After buying his Huntington Beach home in the 1970s, Mario Tabernig went along with hearing the occasional descending jet in the distance after Long Beach Airport transformed into a commercial hub.
But Tabernig’s patience ended earlier this year when the Federal Aviation Administration tweaked flight paths at 21 airports from Santa Barbara to the Mexico border.
“The windows shake,” Tabernig says of the new routes over his home. “You can’t do a business by victimizing the community.”
Tabernig says the FAA, airport and airline officials ignore his emails and letters. But it may not be because the officials are rude. It may be because they can’t deal with the deluge.
Online petitions as well as standing room only turnouts at numerous community meetings reveal that thousands of people are like Tabernig.

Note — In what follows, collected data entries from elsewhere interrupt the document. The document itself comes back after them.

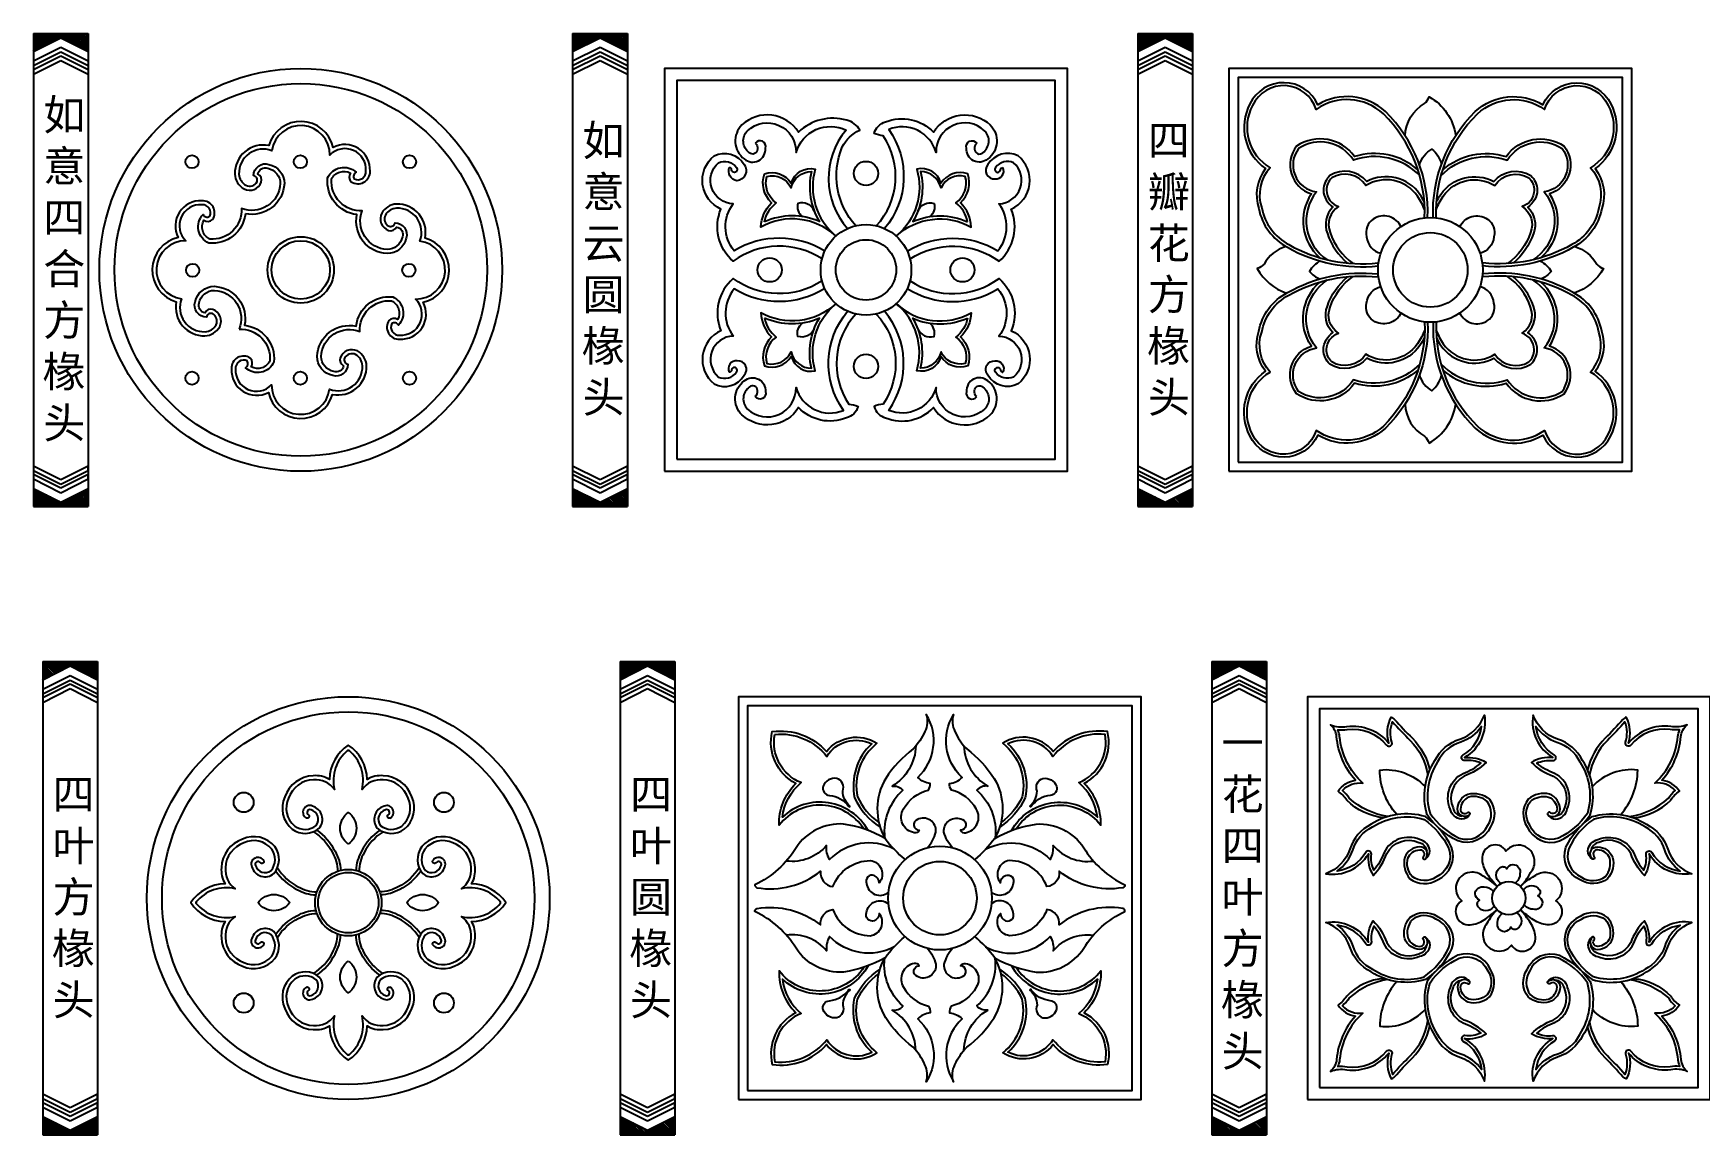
# Model space of a CAD drawing. Extents: x -66030 to 95157, y -13132 to 45879.
# Drawn here: x -62787 to -61132, y -326 to 767 of the extents above; entities that cross this region are included whole.
import ezdxf

# ---------------------------------------------------------------- set-up
doc = ezdxf.new("R2010")
doc.units = 0
doc.header["$LTSCALE"] = 100
doc.header["$MEASUREMENT"] = 0
for name, color, linetype in [('3', 11, 'CONTINUOUS'), ('4', 121, 'CONTINUOUS'), ('BH', 21, 'CONTINUOUS'), ('TEXT', 105, 'CONTINUOUS')]:
    doc.layers.add(name, color=color, linetype=linetype)
doc.styles.add('HZ', font='simhei.ttf')

# ---------------------------------------------------------------- blocks, each defined once
blk = doc.blocks.new('A$C16F37A51')
at = {"layer": '3'}
for p, q in [((0, 469.8), (0, 0)), ((0, 469.8), (54.4, 469.8)), ((0, 469.8), (0, 451.8)), ((0, 451.8), (27.2, 465.4)), ((27.2, 465.4), (54.4, 451.8)), ((54.4, 469.8), (54.4, 0)), ((54.4, 469.8), (54.4, 451.8)), ((0, 442.5), (27.2, 456.1)), ((0, 437.8), (27.2, 451.4)), ((0, 434), (27.2, 447.6)), ((27.2, 456.1), (54.4, 442.5)), ((27.2, 451.4), (54.4, 437.8)), ((27.2, 447.6), (54.4, 434)), ((0, 429.3), (27.2, 442.9)), ((0, 442.5), (0, 437.8)), ((0, 434), (0, 429.3)), ((27.2, 442.9), (54.4, 429.3)), ((54.4, 442.5), (54.4, 437.8)), ((54.4, 434), (54.4, 429.3)), ((0, 40.5), (27.2, 26.9)), ((0, 35.8), (27.2, 22.2)), ((27.2, 26.9), (54.4, 40.5)), ((27.2, 22.2), (54.4, 35.8)), ((54.4, 35.8), (54.4, 40.5)), ((0, 32), (27.2, 18.4)), ((0, 27.3), (27.2, 13.7)), ((0, 18), (27.2, 4.4)), ((27.2, 18.4), (54.4, 32)), ((27.2, 13.7), (54.4, 27.3)), ((27.2, 4.4), (54.4, 18)), ((54.4, 27.3), (54.4, 32)), ((54.4, 0), (54.4, 18)), ((0, 0), (54.4, 0))]:
    blk.add_line(p, q, dxfattribs=at)
at = {"layer": 'BH'}
for p, q in [((11.9, 457.8), (0, 469.6)), ((10.5, 457), (0, 467.5)), ((9, 456.3), (0, 465.4)), ((13.3, 458.5), (1.9, 469.8)), ((14.7, 459.2), (4, 469.8)), ((16.1, 459.9), (6.2, 469.8)), ((17.5, 460.6), (8.3, 469.8)), ((18.9, 461.3), (10.4, 469.8)), ((20.4, 462), (12.5, 469.8)), ((21.8, 462.7), (14.7, 469.8)), ((23.2, 463.4), (16.8, 469.8)), ((24.6, 464.1), (18.9, 469.8)), ((26, 464.8), (21, 469.8)), ((27.9, 465.1), (23.1, 469.8)), ((32.1, 462.9), (25.3, 469.8)), ((36.4, 460.8), (27.4, 469.8)), ((40.6, 458.7), (29.5, 469.8)), ((44.9, 456.6), (31.6, 469.8)), ((49.1, 454.4), (33.7, 469.8)), ((53.4, 452.3), (35.9, 469.8)), ((54.4, 453.4), (38, 469.8)), ((54.4, 455.6), (40.1, 469.8)), ((54.4, 457.7), (42.2, 469.8)), ((54.4, 459.8), (44.4, 469.8)), ((54.4, 461.9), (46.5, 469.8)), ((54.4, 464), (48.6, 469.8)), ((54.4, 466.2), (50.7, 469.8)), ((54.4, 468.3), (52.8, 469.8)), ((7.6, 455.6), (0, 463.3)), ((6.2, 454.9), (0, 461.1)), ((4.8, 454.2), (0, 459)), ((3.4, 453.5), (0, 456.9)), ((2, 452.8), (0, 454.8)), ((0.6, 452.1), (0, 452.7)), ((18.1, 0), (0.1, 17.9)), ((54.4, 14.6), (52.1, 16.9)), ((54.4, 16.7), (53.5, 17.6)), ((15.9, 0), (0, 15.9)), ((13.8, 0), (0, 13.8)), ((11.7, 0), (0, 11.7)), ((9.6, 0), (0, 9.6)), ((7.5, 0), (0, 7.5)), ((5.3, 0), (0, 5.3)), ((3.2, 0), (0, 3.2)), ((1.1, 0), (0, 1.1)), ((20.2, 0), (4.4, 15.8)), ((22.3, 0), (8.6, 13.7)), ((24.4, 0), (12.9, 11.6)), ((26.6, 0), (17.1, 9.4)), ((28.7, 0), (21.4, 7.3)), ((30.8, 0), (25.6, 5.2)), ((32.9, 0), (28.1, 4.8)), ((35, 0), (29.5, 5.6)), ((37.2, 0), (30.9, 6.3)), ((39.3, 0), (32.3, 7)), ((41.4, 0), (33.7, 7.7)), ((43.5, 0), (35.1, 8.4)), ((45.6, 0), (36.6, 9.1)), ((47.8, 0), (38, 9.8)), ((49.9, 0), (39.4, 10.5)), ((52, 0), (40.8, 11.2)), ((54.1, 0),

Residents report they can’t hear their televisions, can’t speak on the telephone and that sleeping is a nightmare.
Cities as disparate as Culver City and Laguna Beach have filed lawsuits against the FAA, declaring that environmental studies and resident input for the new flight paths were inadequate.
A host of other cities, including Long Beach and Costa Mesa, have been so inundated with complaints that they recently put up websites detailing how residents can communicate directly with FAA and airport officials.
“Unfortunately, the city does not have jurisdiction over flight patterns,” states the City of Huntington Beach. “These…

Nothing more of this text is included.